Disclaimer: The views expressed in this article are personal.

 

 


[i]Waltz, K.N. (2001) Man, the state, and war: A theoretical analysis, New York: Columbia University Press

[ii] See Hollis, M. and Smith, S. (1991) Explaining and Understanding International Relations, Oxford: Clarendon Press, Pg. 98

[iii] Ibid.

[iv]Peking Review (May 5, 1959) ‘Kalimpong: A Link between Tibetan Rebels and Indian Expansionists’, Vol.
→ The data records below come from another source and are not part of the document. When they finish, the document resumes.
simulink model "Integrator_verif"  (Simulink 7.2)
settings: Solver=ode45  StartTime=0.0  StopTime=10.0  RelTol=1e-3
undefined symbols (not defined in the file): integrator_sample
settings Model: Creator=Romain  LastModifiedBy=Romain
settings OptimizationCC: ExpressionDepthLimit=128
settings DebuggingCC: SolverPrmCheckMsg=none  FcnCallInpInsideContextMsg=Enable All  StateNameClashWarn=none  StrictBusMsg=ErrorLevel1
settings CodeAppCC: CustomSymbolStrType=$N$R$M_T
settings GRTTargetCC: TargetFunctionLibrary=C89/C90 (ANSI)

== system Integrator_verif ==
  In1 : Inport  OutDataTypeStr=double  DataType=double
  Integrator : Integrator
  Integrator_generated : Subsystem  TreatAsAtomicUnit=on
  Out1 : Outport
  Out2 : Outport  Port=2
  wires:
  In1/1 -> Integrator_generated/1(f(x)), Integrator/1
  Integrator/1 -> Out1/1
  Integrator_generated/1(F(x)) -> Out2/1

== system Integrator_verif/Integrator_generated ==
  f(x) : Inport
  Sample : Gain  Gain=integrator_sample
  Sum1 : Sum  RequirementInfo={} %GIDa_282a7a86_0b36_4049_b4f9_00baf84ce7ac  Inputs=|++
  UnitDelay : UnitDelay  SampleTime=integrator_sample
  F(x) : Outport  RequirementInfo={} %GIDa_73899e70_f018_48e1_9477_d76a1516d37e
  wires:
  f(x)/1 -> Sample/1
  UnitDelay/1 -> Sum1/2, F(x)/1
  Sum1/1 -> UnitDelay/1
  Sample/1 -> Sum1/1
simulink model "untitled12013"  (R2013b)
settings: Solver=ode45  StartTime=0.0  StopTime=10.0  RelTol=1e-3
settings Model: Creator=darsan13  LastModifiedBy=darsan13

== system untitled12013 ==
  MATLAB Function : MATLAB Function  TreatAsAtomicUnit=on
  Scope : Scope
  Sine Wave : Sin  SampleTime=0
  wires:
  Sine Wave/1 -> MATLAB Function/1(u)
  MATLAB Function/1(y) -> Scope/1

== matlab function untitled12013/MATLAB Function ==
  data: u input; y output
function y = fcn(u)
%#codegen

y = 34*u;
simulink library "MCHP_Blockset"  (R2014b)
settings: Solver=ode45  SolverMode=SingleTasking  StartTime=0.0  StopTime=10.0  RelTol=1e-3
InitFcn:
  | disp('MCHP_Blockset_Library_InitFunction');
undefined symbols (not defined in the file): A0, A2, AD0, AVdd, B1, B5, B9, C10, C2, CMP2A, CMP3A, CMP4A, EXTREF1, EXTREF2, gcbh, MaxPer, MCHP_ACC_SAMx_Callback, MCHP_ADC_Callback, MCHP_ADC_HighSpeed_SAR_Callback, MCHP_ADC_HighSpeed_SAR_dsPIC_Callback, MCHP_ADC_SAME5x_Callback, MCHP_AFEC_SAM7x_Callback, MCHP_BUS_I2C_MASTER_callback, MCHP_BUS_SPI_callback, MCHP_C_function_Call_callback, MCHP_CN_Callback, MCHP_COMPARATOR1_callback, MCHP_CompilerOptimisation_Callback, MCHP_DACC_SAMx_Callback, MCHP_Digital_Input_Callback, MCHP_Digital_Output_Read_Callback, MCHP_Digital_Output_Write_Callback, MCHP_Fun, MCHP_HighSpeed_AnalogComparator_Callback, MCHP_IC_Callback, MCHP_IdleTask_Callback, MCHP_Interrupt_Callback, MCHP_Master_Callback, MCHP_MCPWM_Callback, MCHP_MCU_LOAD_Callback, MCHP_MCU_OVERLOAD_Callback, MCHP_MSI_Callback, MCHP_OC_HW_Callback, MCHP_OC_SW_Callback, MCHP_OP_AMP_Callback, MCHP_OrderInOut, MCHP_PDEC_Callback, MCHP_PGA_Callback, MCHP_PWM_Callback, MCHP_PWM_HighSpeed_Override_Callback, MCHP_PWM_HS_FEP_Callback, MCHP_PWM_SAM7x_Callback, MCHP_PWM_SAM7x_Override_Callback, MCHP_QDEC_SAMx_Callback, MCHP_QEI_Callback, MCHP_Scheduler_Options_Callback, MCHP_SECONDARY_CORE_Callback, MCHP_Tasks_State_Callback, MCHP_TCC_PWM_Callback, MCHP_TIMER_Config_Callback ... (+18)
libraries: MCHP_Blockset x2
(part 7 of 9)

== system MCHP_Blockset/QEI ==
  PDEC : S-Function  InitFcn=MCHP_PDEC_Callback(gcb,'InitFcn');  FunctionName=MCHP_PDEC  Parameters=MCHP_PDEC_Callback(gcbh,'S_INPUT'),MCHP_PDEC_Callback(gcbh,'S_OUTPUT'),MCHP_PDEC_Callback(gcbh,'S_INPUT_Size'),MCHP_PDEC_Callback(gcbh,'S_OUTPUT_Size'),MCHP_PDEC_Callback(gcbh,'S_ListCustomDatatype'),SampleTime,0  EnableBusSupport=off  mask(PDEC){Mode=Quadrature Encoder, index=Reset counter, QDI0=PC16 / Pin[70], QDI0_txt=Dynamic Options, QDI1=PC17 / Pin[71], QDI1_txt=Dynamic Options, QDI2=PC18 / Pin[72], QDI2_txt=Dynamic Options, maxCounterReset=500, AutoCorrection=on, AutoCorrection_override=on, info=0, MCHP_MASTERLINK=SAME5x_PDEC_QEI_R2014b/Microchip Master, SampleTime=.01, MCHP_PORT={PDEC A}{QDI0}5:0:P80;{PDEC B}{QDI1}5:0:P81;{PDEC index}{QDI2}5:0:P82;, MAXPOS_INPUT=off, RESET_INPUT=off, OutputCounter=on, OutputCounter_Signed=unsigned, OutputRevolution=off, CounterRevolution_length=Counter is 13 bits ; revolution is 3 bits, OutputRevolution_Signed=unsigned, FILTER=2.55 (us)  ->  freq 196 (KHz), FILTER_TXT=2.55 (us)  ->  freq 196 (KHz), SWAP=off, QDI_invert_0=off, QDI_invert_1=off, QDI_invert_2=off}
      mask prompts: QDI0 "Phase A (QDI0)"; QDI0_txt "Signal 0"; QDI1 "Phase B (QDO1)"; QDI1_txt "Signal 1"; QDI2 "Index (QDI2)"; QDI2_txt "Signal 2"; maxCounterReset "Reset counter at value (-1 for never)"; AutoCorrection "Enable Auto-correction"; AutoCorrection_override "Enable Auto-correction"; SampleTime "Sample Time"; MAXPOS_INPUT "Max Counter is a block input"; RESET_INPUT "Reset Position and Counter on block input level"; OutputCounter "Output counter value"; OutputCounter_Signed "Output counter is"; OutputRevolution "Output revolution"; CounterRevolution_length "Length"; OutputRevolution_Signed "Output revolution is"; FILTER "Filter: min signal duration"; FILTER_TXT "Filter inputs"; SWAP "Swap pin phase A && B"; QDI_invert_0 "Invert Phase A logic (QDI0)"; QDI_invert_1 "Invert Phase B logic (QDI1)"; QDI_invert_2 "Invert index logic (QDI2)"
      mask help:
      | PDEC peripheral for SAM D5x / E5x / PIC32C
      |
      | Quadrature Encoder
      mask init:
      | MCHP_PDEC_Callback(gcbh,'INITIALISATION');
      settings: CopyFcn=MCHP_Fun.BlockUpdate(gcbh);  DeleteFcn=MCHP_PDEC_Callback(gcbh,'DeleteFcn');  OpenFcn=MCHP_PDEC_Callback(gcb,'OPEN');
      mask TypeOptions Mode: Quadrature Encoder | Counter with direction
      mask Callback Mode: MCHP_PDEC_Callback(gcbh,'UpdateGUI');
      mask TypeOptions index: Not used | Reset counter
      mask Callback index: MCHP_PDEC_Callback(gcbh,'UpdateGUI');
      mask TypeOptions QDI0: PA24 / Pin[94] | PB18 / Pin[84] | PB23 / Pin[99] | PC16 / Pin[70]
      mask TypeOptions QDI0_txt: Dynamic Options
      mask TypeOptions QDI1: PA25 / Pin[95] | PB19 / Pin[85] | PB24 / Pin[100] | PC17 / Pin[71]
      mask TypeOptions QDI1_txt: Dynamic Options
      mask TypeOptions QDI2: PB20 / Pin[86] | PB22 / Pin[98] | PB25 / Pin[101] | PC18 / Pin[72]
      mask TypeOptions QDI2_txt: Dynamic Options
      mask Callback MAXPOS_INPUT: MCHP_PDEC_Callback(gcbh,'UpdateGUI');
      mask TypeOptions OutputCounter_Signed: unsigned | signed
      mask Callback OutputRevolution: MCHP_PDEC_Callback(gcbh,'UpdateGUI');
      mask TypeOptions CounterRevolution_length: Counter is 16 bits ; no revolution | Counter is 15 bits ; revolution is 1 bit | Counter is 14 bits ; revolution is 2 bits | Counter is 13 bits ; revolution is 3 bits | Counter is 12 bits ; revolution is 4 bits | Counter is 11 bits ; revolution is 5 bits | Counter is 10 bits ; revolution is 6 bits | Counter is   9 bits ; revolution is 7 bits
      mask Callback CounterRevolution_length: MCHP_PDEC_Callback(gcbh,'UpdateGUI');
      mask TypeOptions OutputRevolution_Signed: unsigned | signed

I, No. 18

[v]Lu, X. (1994) The Sino-Indian Border Dispute and Sino-Indian Relations, Lanham: University Press of America, Pg. 39

[vi]Dalvi, J.P. (1969) Himalayan Blunder: The curtain-raiser to the Sino-Indian War of 1962, Bombay: Thacker & Company, Pg. 6

[vii] See Dalvi, J.P. (1969) Himalayan Blunder: The curtain-raiser to the Sino-Indian War of 1962, Pgs. 6-7; Jetly, N. (1979) India China Relations, 1947-1977: A Study of Parliament’s Role in the Making of Foreign Policy, New Delhi: Radiant Publishers, Pgs. 16-18

[viii]Egreteau, R. (2012) ‘The China-India Rivalry Reconceptualized’, Asian Journal of Political Science, Vol. 20, No. 1. Pgs. 1-22

[ix]Diehl, P.F. (1998) ‘Introduction: An overview and Some Theoretical Guidelines’ in Diehl, P.F. (Eds) The Dynamics of Enduring Rivalries, Urbana: University of Illinois Press, Pgs. 1-25

[x]Egreteau, R. (2012) ‘The China-India Rivalry Reconceptualized’

 

Richard Toppo, independent researcher, working on the issues of foreign policy and internal security, Master’s degree in Contemporary India, University of Oxford.